- [Brief]:
Give back each record precisely, pictures excluded.

- [Records from a data collection]:
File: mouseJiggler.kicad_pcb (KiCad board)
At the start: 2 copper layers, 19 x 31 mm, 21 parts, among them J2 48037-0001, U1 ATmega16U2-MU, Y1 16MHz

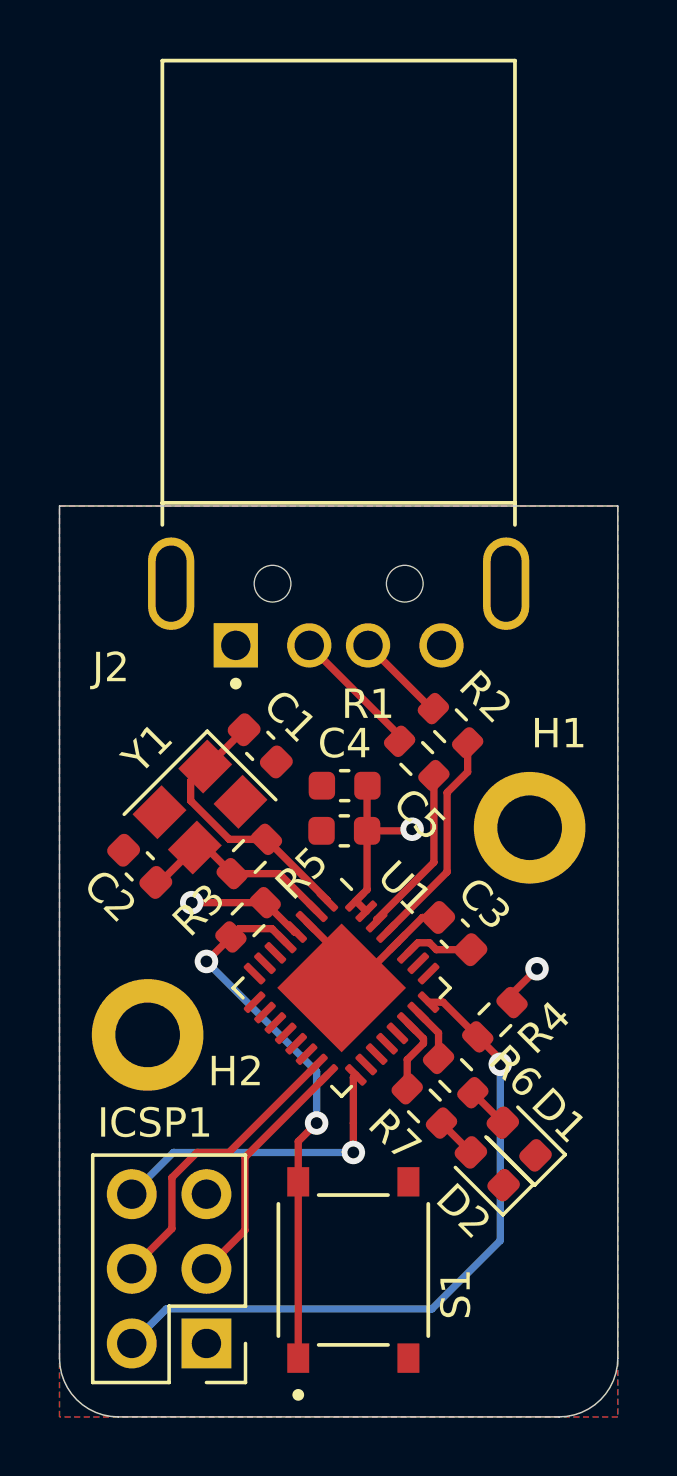
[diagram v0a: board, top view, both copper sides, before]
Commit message: Updated and added silkscreen
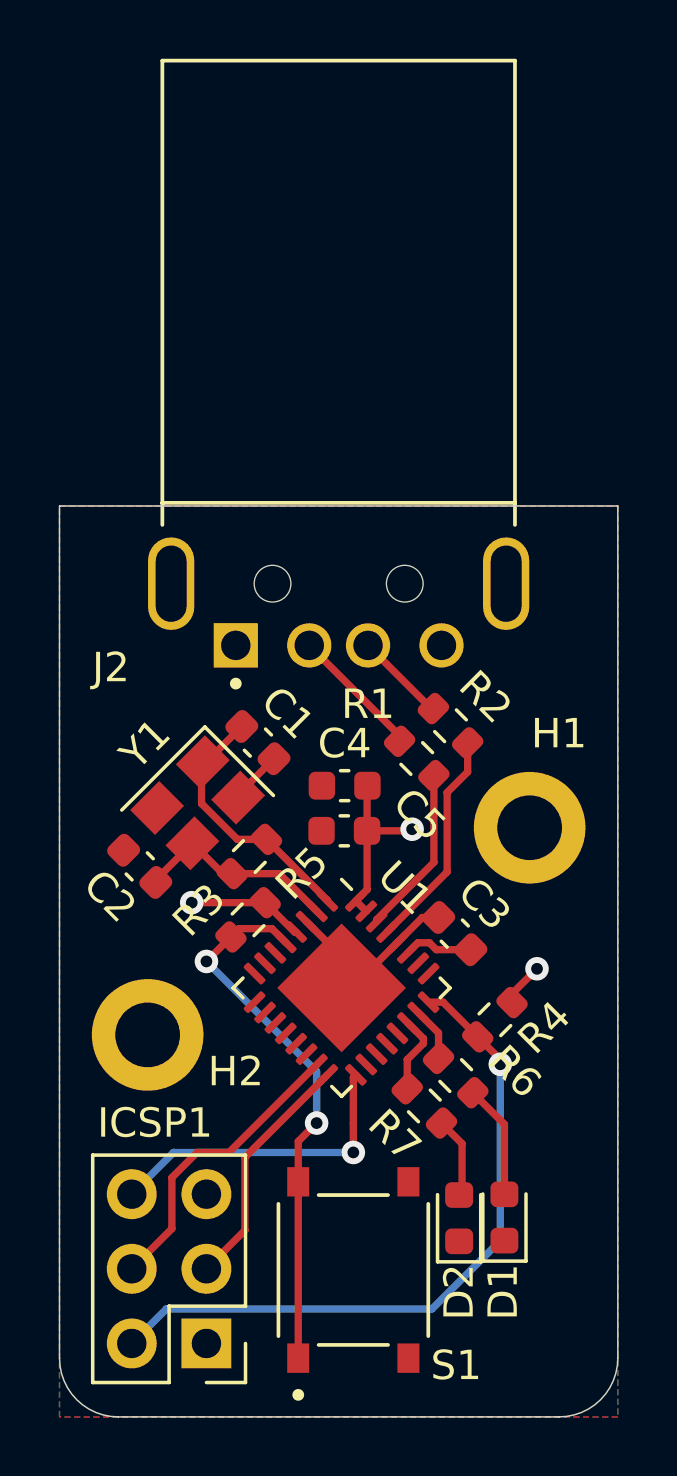
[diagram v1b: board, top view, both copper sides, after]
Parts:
- added G***: LOGO, SnapEDA:donald, B.Cu at (154.2, 103.0)
- moved D1 2.72 mm to (161.1, 116.7), turned to 90 degrees
- moved D2 1.93 mm to (159.6, 116.7), turned to 90 degrees
- moved Y1 0.17 mm to (150.7, 102.6)
- moved C1 0.14 mm to (152.8, 100.6)
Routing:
- net Net-(D1-Pad2): track 1.44 -> 3.90 mm
- net GND: track 7.04 -> 8.87 mm
- net Net-(D2-Pad2): track 1.41 -> 2.78 mm
- net Net-(C2-Pad1): track 6.87 -> 7.57 mm
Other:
- board text added: "<3"
- board text added: "By DanieleVBella"
- board text added: "Designed with"
- board text removed: "By Daniele"
- board text removed: "Designed with <3"

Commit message: Updated USB and silkscreen
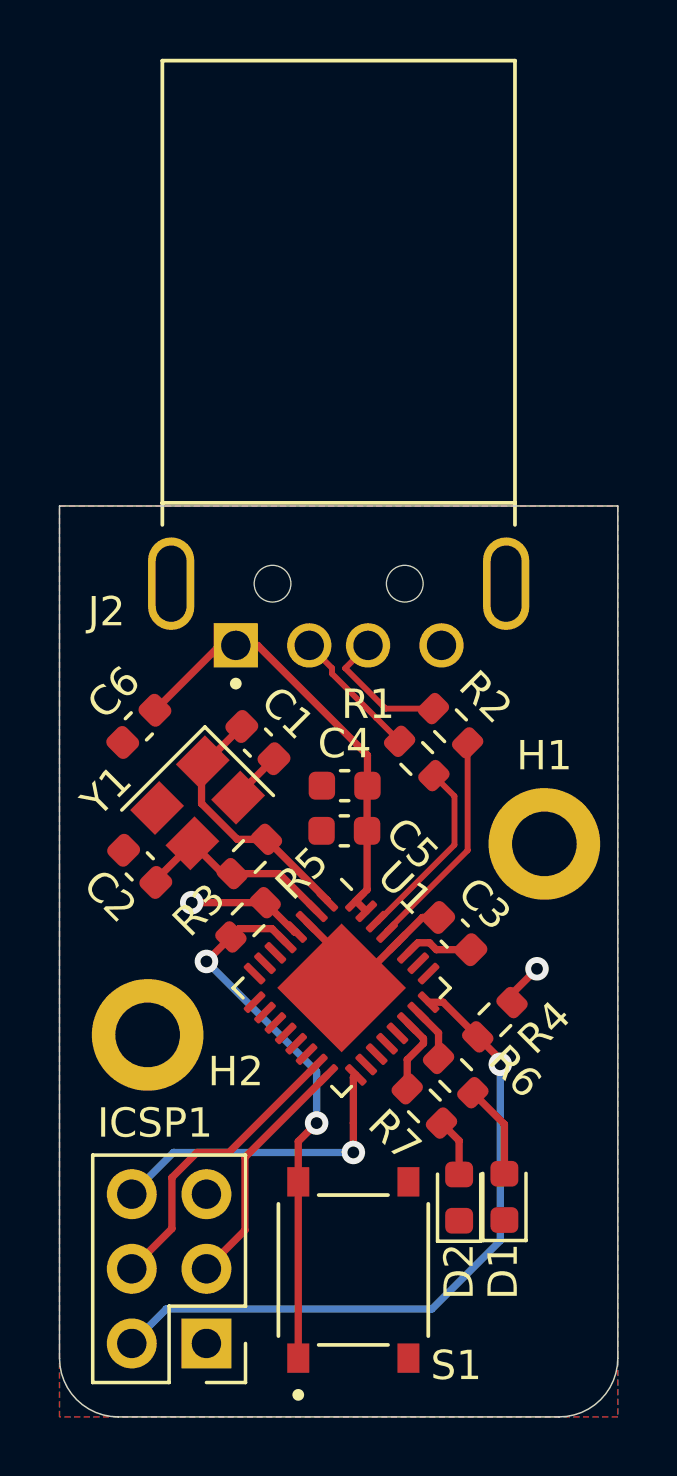
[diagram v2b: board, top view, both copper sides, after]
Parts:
- added C6: 10uF, Capacitor_SMD:C_0603_1608Metric, F.Cu at (148.7, 100.0)
- moved H1 0.74 mm to (162.5, 104.0)
- moved D1 0.70 mm to (161.1, 116.0)
- moved D2 0.70 mm to (159.6, 116.0)
- moved G*** 0.57 mm to (154.6, 103.4)
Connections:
- net Net-(J2-Pad2) renamed /USB_D-
- net Net-(J2-Pad3) renamed /USB_D+
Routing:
- net +5V: track 11.6 -> 21.5 mm, vias 3 -> 2
- net /USB_D+: track 3.11 -> 4.67 mm
- net Net-(D2-Pad2): track 2.78 -> 2.00 mm
- net Net-(D1-Pad2): track 3.90 -> 3.20 mm
- net /D-: track 5.78 -> 6.38 mm
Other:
- board text added: "Designed with <3"
- board text added: "Mini-Keyboard Hacker"
- board text removed: "<3"
- board text removed: "Designed with"

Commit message: Made final changes to silkscreen
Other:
- board text added: "Da DanieleVBella"
- board text added: "Paperino Di Gomma"
- board text added: "Progettato con <3"
- board text removed: "By DanieleVBella"
- board text removed: "Designed with <3"
- board text removed: "Mini-Keyboard Hacker"

- [Result below]:
File: mouseJiggler.kicad_pcb (KiCad board)
At the start: 2 copper layers, 19 x 31 mm, 21 parts, among them J2 48037-0001, U1 ATmega16U2-MU, Y1 16MHz

[diagram v0a: board, top view, both copper sides, before]
Commit message: Updated and added silkscreen
[diagram v1b: board, top view, both copper sides, after]
Parts:
- added G***: LOGO, SnapEDA:donald, B.Cu at (154.2, 103.0)
- moved D1 2.72 mm to (161.1, 116.7), turned to 90 degrees
- moved D2 1.93 mm to (159.6, 116.7), turned to 90 degrees
- moved Y1 0.17 mm to (150.7, 102.6)
- moved C1 0.14 mm to (152.8, 100.6)
Routing:
- net Net-(D1-Pad2): track 1.44 -> 3.90 mm
- net GND: track 7.04 -> 8.87 mm
- net Net-(D2-Pad2): track 1.41 -> 2.78 mm
- net Net-(C2-Pad1): track 6.87 -> 7.57 mm
Other:
- board text added: "<3"
- board text added: "By DanieleVBella"
- board text added: "Designed with"
- board text removed: "By Daniele"
- board text removed: "Designed with <3"

Commit message: Updated USB and silkscreen
[diagram v2b: board, top view, both copper sides, after]
Parts:
- added C6: 10uF, Capacitor_SMD:C_0603_1608Metric, F.Cu at (148.7, 100.0)
- moved H1 0.74 mm to (162.5, 104.0)
- moved D1 0.70 mm to (161.1, 116.0)
- moved D2 0.70 mm to (159.6, 116.0)
- moved G*** 0.57 mm to (154.6, 103.4)
Connections:
- net Net-(J2-Pad2) renamed /USB_D-
- net Net-(J2-Pad3) renamed /USB_D+
Routing:
- net +5V: track 11.6 -> 21.5 mm, vias 3 -> 2
- net /USB_D+: track 3.11 -> 4.67 mm
- net Net-(D2-Pad2): track 2.78 -> 2.00 mm
- net Net-(D1-Pad2): track 3.90 -> 3.20 mm
- net /D-: track 5.78 -> 6.38 mm
Other:
- board text added: "Designed with <3"
- board text added: "Mini-Keyboard Hacker"
- board text removed: "<3"
- board text removed: "Designed with"

Commit message: Made final changes to silkscreen
Other:
- board text added: "Da DanieleVBella"
- board text added: "Paperino Di Gomma"
- board text added: "Progettato con <3"
- board text removed: "By DanieleVBella"
- board text removed: "Designed with <3"
- board text removed: "Mini-Keyboard Hacker"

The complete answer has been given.